- _Records from a dataset_:
==*==

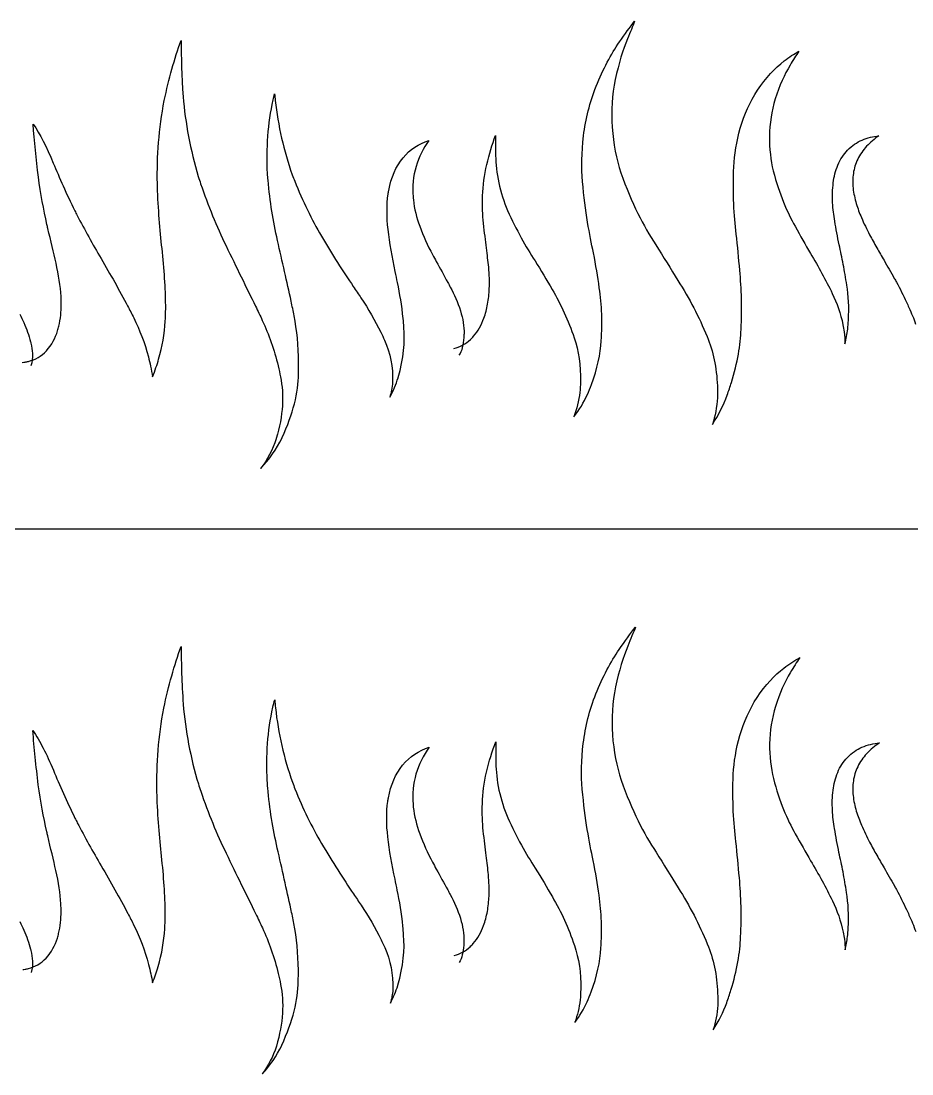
# Model space of a CAD drawing. Extents: x -11 to 6914, y 38 to 2262.
# Drawn here: x 840 to 1697, y 1220 to 2232 of the extents above; entities that cross this region are included whole.
import ezdxf

# ---------------------------------------------------------------- set-up
doc = ezdxf.new("R2010")
doc.units = 0
doc.layers.add('Layer_1', color=7, linetype='CONTINUOUS')

msp = doc.modelspace()

# ---------------------------------------------------------------- linework, layer by layer
at = {"layer": 'Layer_1', "color": 7}
for points in [[(1531.60616, 2129.14712), (1531.60616, 2129.14712)], [(1077.16776, 2085.57664), (1077.16776, 2085.57664)], [(1625.4664, 2093.6076), (1625.4664, 2093.6076)], [(1640.26648, 2085.60304), (1640.26648, 2085.60304)], [(971.24712, 2075.96192), (971.24712, 2075.96192)], [(1010.62256, 2082.61088), (1010.62256, 2082.61088)], [(1077.65568, 2078.98032), (1077.65568, 2078.98032)], [(1299.40896, 2076.65384), (1299.40896, 2076.65384)], [(971.4748, 2068.92248), (971.4748, 2068.92248)], [(1193.10776, 2065.83592), (1193.10776, 2065.83592)], [(1193.65624, 2069.2796), (1193.65624, 2069.2796)], [(1640.02872, 2071.55832), (1640.02872, 2071.55832)], [(1283.88264, 2064.13488), (1283.88264, 2064.13488)], [(894.13784, 2045.28528), (894.13784, 2045.28528)], [(865.0996, 2036.61232), (865.0996, 2036.61232)], [(1648.02856, 2043.11264), (1648.02856, 2043.11264)], [(1655.90112, 2026.65488), (1655.90112, 2026.65488)], [(1626.65688, 2016.92128), (1626.65688, 2016.92128)], [(976.08552, 2009.88152), (976.08552, 2009.88152)], [(1599.03328, 2008.73904), (1599.03328, 2008.73904)], [(1239.39704, 2000.79512), (1239.39704, 2000.79512)], [(1289.72328, 1995.57992), (1289.72328, 1995.57992)], [(1334.29296, 2001.56968), (1334.29296, 2001.5696)], [(1199.95752, 1991.16904), (1199.95752, 1991.16904)], [(1531.10568, 1992.5764), (1531.10568, 1992.5764)], [(1610.13904, 1989.43864), (1610.13904, 1989.43864)], [(1159.58912, 1976.85608), (1159.58912, 1976.85608)], [(1202.13992, 1980.59824), (1202.13992, 1980.59824)], [(1250.39712, 1980.84944), (1250.3972, 1980.84944)], [(1252.78896, 1976.36672), (1252.78896, 1976.36672)], [(1290.33352, 1974.9084), (1290.33352, 1974.9084)], [(1350.72304, 1974.07152), (1350.72304, 1974.07152)], [(1471.58152, 1982.74752), (1471.58152, 1982.74752)], [(1166.95584, 1965.9516), (1166.95584, 1965.9516)], [(1619.97752, 1970.31352), (1619.97752, 1970.31352)], [(1691.30136, 1961.94016), (1691.30136, 1961.94016)], [(1693.7308, 1956.61424), (1693.7308, 1956.61424)], [(1072.14672, 1944.28224), (1072.14672, 1944.28216)], [(1102.70112, 1948.71296), (1102.70112, 1948.71296)], [(1398.3804, 1950.39736), (1398.3804, 1950.39744)], [(875.34208, 1934.3844), (875.34208, 1934.3844)], [(1397.90184, 1924.7068), (1397.90184, 1924.7068)], [(1499.61192, 1928.74864), (1499.61192, 1928.74864)], [(0, 1744), (6912, 1744)], [(971.03776, 1484.830608), (971.03776, 1484.830616)], [(1193.32984, 1485.35924), (1193.32984, 1485.35924)], [(1283.64568, 1479.933288), (1283.64568, 1479.933296)], [(1640.052, 1487.552632), (1640.052, 1487.552624)], [(892.00888, 1465.850896), (892.00888, 1465.850888)], [(1648.04928, 1459.114968), (1648.04928, 1459.11496)], [(1599.17168, 1424.776808), (1599.17168, 1424.7768)], [(1199.69848, 1407.064), (1199.69848, 1407.064008)], [(1239.36464, 1416.77556), (1239.36464, 1416.77556)], [(1530.71344, 1408.498704), (1530.71344, 1408.498712)], [(1350.95984, 1390.074744), (1350.95984, 1390.074744)], [(1487.18576, 1372.391016), (1487.18576, 1372.391008)], [(948.7672, 1362.640512), (948.7672, 1362.640504)], [(978.30872, 1359.418632), (978.30872, 1359.41864)]]:
    msp.add_lwpolyline(points, dxfattribs=at)
for points in [[(1415.4724, 2211.9596), (1420.57904, 2219.3932), (1425.44824, 2226.09952), (1430.05512, 2232.06752)], [(1430.05512, 2232.06752), (1428.11752, 2227.13832), (1425.8072, 2221.42976), (1423.14472, 2214.91968)], [(977.90416, 2155.61392), (982.29688, 2176.5392), (987.67448, 2195.90408), (994.03296, 2213.35288)], [(994.03296, 2213.35288), (994.06816, 2197.17656), (994.67008, 2179.16448), (995.99712, 2159.3728)], [(1393.0232, 2169.33696), (1399.80144, 2185.8892), (1407.30944, 2200.14224), (1415.4724, 2211.9596)], [(1423.14472, 2214.91968), (1418.78208, 2204.53592), (1414.8068, 2191.52152), (1411.37608, 2175.8492)], [(1573.88, 2193.7744), (1578.68616, 2197.41232), (1583.34888, 2200.49088), (1587.8628, 2203.04824)], [(1587.8628, 2203.04824), (1585.15488, 2199.00032), (1582.35288, 2194.56592), (1579.48768, 2189.74568)], [(1548.16144, 2165.60472), (1556.18144, 2177.5396), (1564.83584, 2186.8664), (1573.88, 2193.7744)], [(1579.48768, 2189.74568), (1574.0404, 2180.65968), (1569.22688, 2169.78768), (1565.24848, 2157.28344)], [(1380.93496, 2121.77688), (1382.96832, 2137.93136), (1386.97376, 2153.82344), (1393.0232, 2169.33696)], [(1411.37608, 2175.8492), (1408.41576, 2161.1368), (1407.39664, 2145.78872), (1408.39712, 2129.90184)], [(995.99712, 2159.3728), (998.10936, 2133.82184), (1002.97376, 2108.12624), (1010.62256, 2082.61088)], [(1077.16776, 2085.57664), (1075.79088, 2109.7376), (1077.6088, 2133.50688), (1082.5876, 2156.27048)], [(1082.5876, 2156.27048), (1083.04552, 2158.18664), (1083.51632, 2160.07824), (1083.99976, 2161.9452)], [(1083.99976, 2161.9452), (1084.176, 2159.92104), (1084.3628, 2157.882), (1084.56032, 2155.8284)], [(1531.60616, 2129.14712), (1535.3392, 2142.19856), (1540.92416, 2154.40544), (1548.16144, 2165.60472)], [(1565.24848, 2157.28344), (1561.71496, 2145.58544), (1559.85928, 2133.5712), (1559.63632, 2121.41552)], [(971.24712, 2075.96192), (970.73776, 2101.84736), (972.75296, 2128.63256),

==*==

- _TASK STATEMENT_: Each entry must be reproduced word for word, and any image among them left out.

- _WRITTEN REPLY_:
# Model space of a CAD drawing. Extents: x -11 to 6914, y 38 to 2262.
# Drawn here: x 840 to 1697, y 1220 to 2232 of the extents above; entities that cross this region are included whole.
import ezdxf

# ---------------------------------------------------------------- set-up
doc = ezdxf.new("R2010")
doc.units = 0
doc.layers.add('Layer_1', color=7, linetype='CONTINUOUS')

msp = doc.modelspace()

# ---------------------------------------------------------------- linework, layer by layer
at = {"layer": 'Layer_1', "color": 7}
for points in [[(1531.60616, 2129.14712), (1531.60616, 2129.14712)], [(1077.16776, 2085.57664), (1077.16776, 2085.57664)], [(1625.4664, 2093.6076), (1625.4664, 2093.6076)], [(1640.26648, 2085.60304), (1640.26648, 2085.60304)], [(971.24712, 2075.96192), (971.24712, 2075.96192)], [(1010.62256, 2082.61088), (1010.62256, 2082.61088)], [(1077.65568, 2078.98032), (1077.65568, 2078.98032)], [(1299.40896, 2076.65384), (1299.40896, 2076.65384)], [(971.4748, 2068.92248), (971.4748, 2068.92248)], [(1193.10776, 2065.83592), (1193.10776, 2065.83592)], [(1193.65624, 2069.2796), (1193.65624, 2069.2796)], [(1640.02872, 2071.55832), (1640.02872, 2071.55832)], [(1283.88264, 2064.13488), (1283.88264, 2064.13488)], [(894.13784, 2045.28528), (894.13784, 2045.28528)], [(865.0996, 2036.61232), (865.0996, 2036.61232)], [(1648.02856, 2043.11264), (1648.02856, 2043.11264)], [(1655.90112, 2026.65488), (1655.90112, 2026.65488)], [(1626.65688, 2016.92128), (1626.65688, 2016.92128)], [(976.08552, 2009.88152), (976.08552, 2009.88152)], [(1599.03328, 2008.73904), (1599.03328, 2008.73904)], [(1239.39704, 2000.79512), (1239.39704, 2000.79512)], [(1289.72328, 1995.57992), (1289.72328, 1995.57992)], [(1334.29296, 2001.56968), (1334.29296, 2001.5696)], [(1199.95752, 1991.16904), (1199.95752, 1991.16904)], [(1531.10568, 1992.5764), (1531.10568, 1992.5764)], [(1610.13904, 1989.43864), (1610.13904, 1989.43864)], [(1159.58912, 1976.85608), (1159.58912, 1976.85608)], [(1202.13992, 1980.59824), (1202.13992, 1980.59824)], [(1250.39712, 1980.84944), (1250.3972, 1980.84944)], [(1252.78896, 1976.36672), (1252.78896, 1976.36672)], [(1290.33352, 1974.9084), (1290.33352, 1974.9084)], [(1350.72304, 1974.07152), (1350.72304, 1974.07152)], [(1471.58152, 1982.74752), (1471.58152, 1982.74752)], [(1166.95584, 1965.9516), (1166.95584, 1965.9516)], [(1619.97752, 1970.31352), (1619.97752, 1970.31352)], [(1691.30136, 1961.94016), (1691.30136, 1961.94016)], [(1693.7308, 1956.61424), (1693.7308, 1956.61424)], [(1072.14672, 1944.28224), (1072.14672, 1944.28216)], [(1102.70112, 1948.71296), (1102.70112, 1948.71296)], [(1398.3804, 1950.39736), (1398.3804, 1950.39744)], [(875.34208, 1934.3844), (875.34208, 1934.3844)], [(1397.90184, 1924.7068), (1397.90184, 1924.7068)], [(1499.61192, 1928.74864), (1499.61192, 1928.74864)], [(0, 1744), (6912, 1744)], [(971.03776, 1484.830608), (971.03776, 1484.830616)], [(1193.32984, 1485.35924), (1193.32984, 1485.35924)], [(1283.64568, 1479.933288), (1283.64568, 1479.933296)], [(1640.052, 1487.552632), (1640.052, 1487.552624)], [(892.00888, 1465.850896), (892.00888, 1465.850888)], [(1648.04928, 1459.114968), (1648.04928, 1459.11496)], [(1599.17168, 1424.776808), (1599.17168, 1424.7768)], [(1199.69848, 1407.064), (1199.69848, 1407.064008)], [(1239.36464, 1416.77556), (1239.36464, 1416.77556)], [(1530.71344, 1408.498704), (1530.71344, 1408.498712)], [(1350.95984, 1390.074744), (1350.95984, 1390.074744)], [(1487.18576, 1372.391016), (1487.18576, 1372.391008)], [(948.7672, 1362.640512), (948.7672, 1362.640504)], [(978.30872, 1359.418632), (978.30872, 1359.41864)]]:
    msp.add_lwpolyline(points, dxfattribs=at)
for points in [[(1415.4724, 2211.9596), (1420.57904, 2219.3932), (1425.44824, 2226.09952), (1430.05512, 2232.06752)], [(1430.05512, 2232.06752), (1428.11752, 2227.13832), (1425.8072, 2221.42976), (1423.14472, 2214.91968)], [(977.90416, 2155.61392), (982.29688, 2176.5392), (987.67448, 2195.90408), (994.03296, 2213.35288)], [(994.03296, 2213.35288), (994.06816, 2197.17656), (994.67008, 2179.16448), (995.99712, 2159.3728)], [(1393.0232, 2169.33696), (1399.80144, 2185.8892), (1407.30944, 2200.14224), (1415.4724, 2211.9596)], [(1423.14472, 2214.91968), (1418.78208, 2204.53592), (1414.8068, 2191.52152), (1411.37608, 2175.8492)], [(1573.88, 2193.7744), (1578.68616, 2197.41232), (1583.34888, 2200.49088), (1587.8628, 2203.04824)], [(1587.8628, 2203.04824), (1585.15488, 2199.00032), (1582.35288, 2194.56592), (1579.48768, 2189.74568)], [(1548.16144, 2165.60472), (1556.18144, 2177.5396), (1564.83584, 2186.8664), (1573.88, 2193.7744)], [(1579.48768, 2189.74568), (1574.0404, 2180.65968), (1569.22688, 2169.78768), (1565.24848, 2157.28344)], [(1380.93496, 2121.77688), (1382.96832, 2137.93136), (1386.97376, 2153.82344), (1393.0232, 2169.33696)], [(1411.37608, 2175.8492), (1408.41576, 2161.1368), (1407.39664, 2145.78872), (1408.39712, 2129.90184)], [(995.99712, 2159.3728), (998.10936, 2133.82184), (1002.97376, 2108.12624), (1010.62256, 2082.61088)], [(1077.16776, 2085.57664), (1075.79088, 2109.7376), (1077.6088, 2133.50688), (1082.5876, 2156.27048)], [(1082.5876, 2156.27048), (1083.04552, 2158.18664), (1083.51632, 2160.07824), (1083.99976, 2161.9452)], [(1083.99976, 2161.9452), (1084.176, 2159.92104), (1084.3628, 2157.882), (1084.56032, 2155.8284)], [(1531.60616, 2129.14712), (1535.3392, 2142.19856), (1540.92416, 2154.40544), (1548.16144, 2165.60472)], [(1565.24848, 2157.28344), (1561.71496, 2145.58544), (1559.85928, 2133.5712), (1559.63632, 2121.41552)], [(971.24712, 2075.96192), (970.73776, 2101.84736), (972.75296, 2128.63256),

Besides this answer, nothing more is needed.